Heller: I think they have totally nailed sharing with my current friends what I had for lunch today.

They’ve become the phonebook for the Internet age

Funny story: I’ve been with Classmates for over 10 years, and I’ve worked with many CEOs, CTOs, COOs, and one of my favorite former CEOs, long before Facebook existed, literally took a plan to (the) board of directors, and in essence, had Facebook-like plan in blueprint. The board was very focused on our value proposition and passed.

Facebook for us is more about current connections. Of course, it also includes reconnection, but it’s much more about connection. That is something they have done that I’ve seen no one else do. They’ve become the phonebook for the Internet age.

Classmates Throwback 1999_Member HomeI love that I’ve reconnected with friends around the world and can watch their children grow up and them go on vacation. And that’s all around the moment…Facebook is all about sharing info that’s going on in the moment.

GeekWire: What are some of the top uses for the site now?
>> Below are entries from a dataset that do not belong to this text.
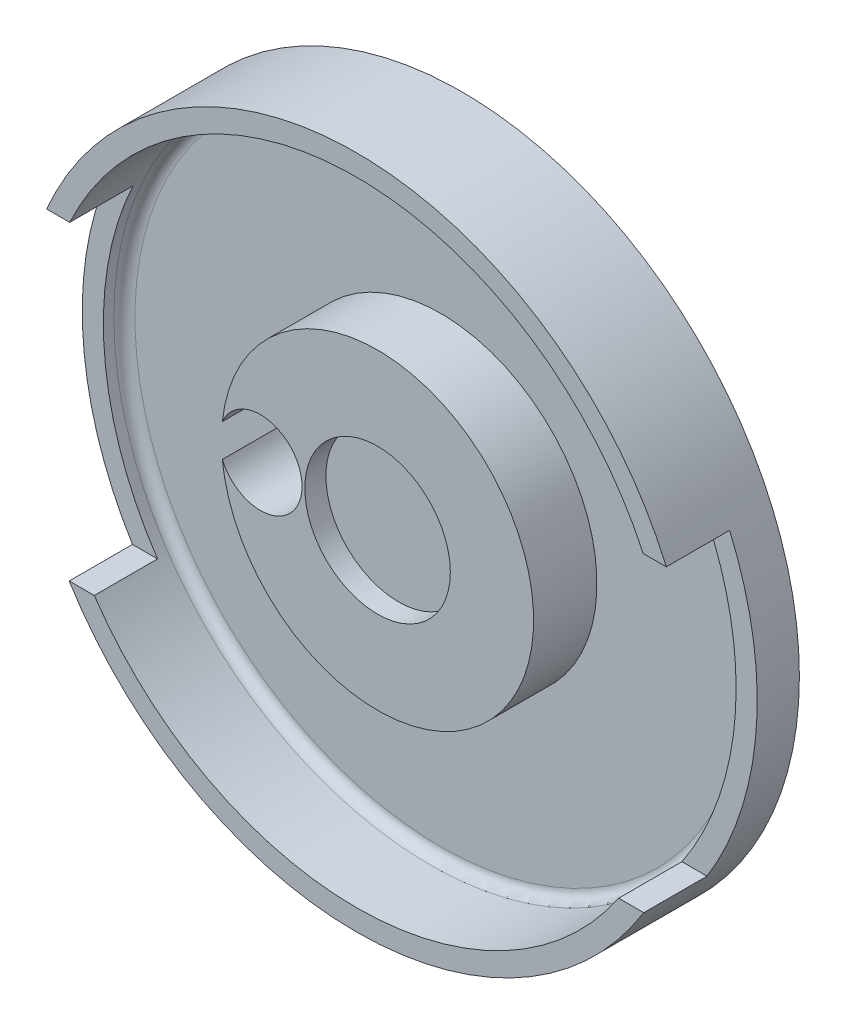
ISO-10303-21;
HEADER;
FILE_DESCRIPTION(('STEP AP214'),'2;1');
FILE_NAME('part.step','',(''),(''),'','','');
FILE_SCHEMA(('AUTOMOTIVE_DESIGN { 1 0 10303 214 1 1 1 1 }'));
ENDSEC;
DATA;
#1=APPLICATION_CONTEXT('core data for automotive mechanical design processes');
#2=APPLICATION_PROTOCOL_DEFINITION('international standard','automotive_design',2000,#1);
#3=PRODUCT_CONTEXT('',#1,'mechanical');
#4=PRODUCT('Part','Part','',(#3));
#5=PRODUCT_RELATED_PRODUCT_CATEGORY('part','',(#4));
#6=PRODUCT_DEFINITION_FORMATION('','',#4);
#7=PRODUCT_DEFINITION_CONTEXT('part definition',#1,'design');
#8=PRODUCT_DEFINITION('design','',#6,#7);
#9=PRODUCT_DEFINITION_SHAPE('','',#8);
#10=(LENGTH_UNIT() NAMED_UNIT(*) SI_UNIT(.MILLI.,.METRE.));
#11=(NAMED_UNIT(*) PLANE_ANGLE_UNIT() SI_UNIT($,.RADIAN.));
#12=(NAMED_UNIT(*) SI_UNIT($,.STERADIAN.) SOLID_ANGLE_UNIT());
#13=UNCERTAINTY_MEASURE_WITH_UNIT(LENGTH_MEASURE(1.E-05),#10,'distance_accuracy_value','');
#14=(GEOMETRIC_REPRESENTATION_CONTEXT(3) GLOBAL_UNCERTAINTY_ASSIGNED_CONTEXT((#13)) GLOBAL_UNIT_ASSIGNED_CONTEXT((#10,
#11,#12)) REPRESENTATION_CONTEXT('',''));
#15=CARTESIAN_POINT('',(0.,0.,0.));
#16=DIRECTION('',(0.,0.,1.));
#17=DIRECTION('',(1.,0.,0.));
#18=AXIS2_PLACEMENT_3D('',#15,#16,#17);
#19=CARTESIAN_POINT('',(0.,0.,5.));
#20=DIRECTION('',(0.,0.,1.));
#21=DIRECTION('',(1.,0.,0.));
#22=AXIS2_PLACEMENT_3D('',#19,#20,#21);
#23=PLANE('',#22);
#24=CARTESIAN_POINT('',(0.,0.,5.));
#25=DIRECTION('',(0.,0.,1.));
#26=DIRECTION('',(1.,0.,0.));
#27=AXIS2_PLACEMENT_3D('',#24,#25,#26);
#28=CIRCLE('',#27,16.);
#29=CARTESIAN_POINT('',(-13.6201960323075,-8.39584778575195,5.));
#30=VERTEX_POINT('',#29);
#31=CARTESIAN_POINT('',(13.6201960323075,-8.39584778575195,5.));
#32=VERTEX_POINT('',#31);
#33=EDGE_CURVE('E177',#30,#32,#28,.T.);
#34=ORIENTED_EDGE('',*,*,#33,.T.);
#35=DIRECTION('',(-1.,0.,0.));
#36=VECTOR('',#35,1.);
#37=CARTESIAN_POINT('',(0.,-8.39584778575195,5.));
#38=LINE('',#37,#36);
#39=CARTESIAN_POINT('',(12.4301946870708,-8.39584778575195,5.));
#40=VERTEX_POINT('',#39);
#41=EDGE_CURVE('E146',#32,#40,#38,.T.);
#42=ORIENTED_EDGE('',*,*,#41,.T.);
#43=CARTESIAN_POINT('',(0.,0.,5.));
#44=DIRECTION('',(0.,0.,1.));
#45=DIRECTION('',(1.,0.,0.));
#46=AXIS2_PLACEMENT_3D('',#43,#44,#45);
#47=CIRCLE('',#46,15.);
#48=CARTESIAN_POINT('',(-12.4301946870708,-8.39584778575195,5.));
#49=VERTEX_POINT('',#48);
#50=EDGE_CURVE('E174',#49,#40,#47,.T.);
#51=ORIENTED_EDGE('',*,*,#50,.F.);
#52=DIRECTION('',(1.,0.,0.));
#53=VECTOR('',#52,1.);
#54=CARTESIAN_POINT('',(0.,-8.39584778575195,5.));
#55=LINE('',#54,#53);
#56=EDGE_CURVE('E165',#30,#49,#55,.T.);
#57=ORIENTED_EDGE('',*,*,#56,.F.);
#58=EDGE_LOOP('',(#34,#42,#51,#57));
#59=FACE_BOUND('',#58,.T.);
#60=ADVANCED_FACE('F39',(#59),#23,.T.);
#61=CARTESIAN_POINT('',(0.,0.,5.));
#62=DIRECTION('',(0.,0.,-1.));
#63=DIRECTION('',(-1.,0.,0.));
#64=AXIS2_PLACEMENT_3D('',#61,#62,#63);
#65=CYLINDRICAL_SURFACE('',#64,16.);
#66=CARTESIAN_POINT('',(0.,0.,0.));
#67=DIRECTION('',(0.,0.,1.));
#68=DIRECTION('',(1.,0.,0.));
#69=AXIS2_PLACEMENT_3D('',#66,#67,#68);
#70=CIRCLE('',#69,16.);
#71=CARTESIAN_POINT('',(16.,0.,0.));
#72=VERTEX_POINT('',#71);
#73=EDGE_CURVE('E178',#72,#72,#70,.T.);
#74=ORIENTED_EDGE('',*,*,#73,.T.);
#75=EDGE_LOOP('',(#74));
#76=FACE_BOUND('',#75,.T.);
#77=CARTESIAN_POINT('',(14.6905696553376,6.33933460243845,5.));
#78=VERTEX_POINT('',#77);
#79=CARTESIAN_POINT('',(-14.6905696553376,6.33933460243845,5.));
#80=VERTEX_POINT('',#79);
#81=EDGE_CURVE('E182',#78,#80,#28,.T.);
#82=ORIENTED_EDGE('',*,*,#81,.F.);
#83=DIRECTION('',(0.,0.,-1.));
#84=VECTOR('',#83,1.);
#85=CARTESIAN_POINT('',(14.6905696553376,6.33933460243845,5.));
#86=LINE('',#85,#84);
#87=CARTESIAN_POINT('',(14.6905696553376,6.33933460243845,2.));
#88=VERTEX_POINT('',#87);
#89=EDGE_CURVE('E155',#78,#88,#86,.T.);
#90=ORIENTED_EDGE('',*,*,#89,.T.);
#91=CARTESIAN_POINT('',(0.,0.,2.));
#92=DIRECTION('',(0.,0.,-1.));
#93=DIRECTION('',(-1.,0.,0.));
#94=AXIS2_PLACEMENT_3D('',#91,#92,#93);
#95=CIRCLE('',#94,16.);
#96=CARTESIAN_POINT('',(13.6201960323075,-8.39584778575195,2.));
#97=VERTEX_POINT('',#96);
#98=EDGE_CURVE('E141',#88,#97,#95,.T.);
#99=ORIENTED_EDGE('',*,*,#98,.T.);
#100=DIRECTION('',(0.,0.,-1.));
#101=VECTOR('',#100,1.);
#102=CARTESIAN_POINT('',(13.6201960323075,-8.39584778575195,5.));
#103=LINE('',#102,#101);
#104=EDGE_CURVE('E148',#32,#97,#103,.T.);
#105=ORIENTED_EDGE('',*,*,#104,.F.);
#106=ORIENTED_EDGE('',*,*,#33,.F.);
#107=DIRECTION('',(0.,0.,-1.));
#108=VECTOR('',#107,1.);
#109=CARTESIAN_POINT('',(-13.6201960323075,-8.39584778575195,5.));
#110=LINE('',#109,#108);
#111=CARTESIAN_POINT('',(-13.6201960323075,-8.39584778575195,2.));
#112=VERTEX_POINT('',#111);
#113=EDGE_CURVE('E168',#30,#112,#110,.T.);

Heller: The most exciting thing in the last five years we’ve leveraged is that yearbook asset. We literally have more than 300,000 digitized yearbooks on the site, each one hundreds of pages. We’re on the tip of the iceberg as to what we can do with that yearbook asset.

The core reason is that human beings in American are nostalgic when it comes to reunion season, and they are 20 or 30 years removed from that experience. There is no better way to relive that experience than to go back through their yearbook.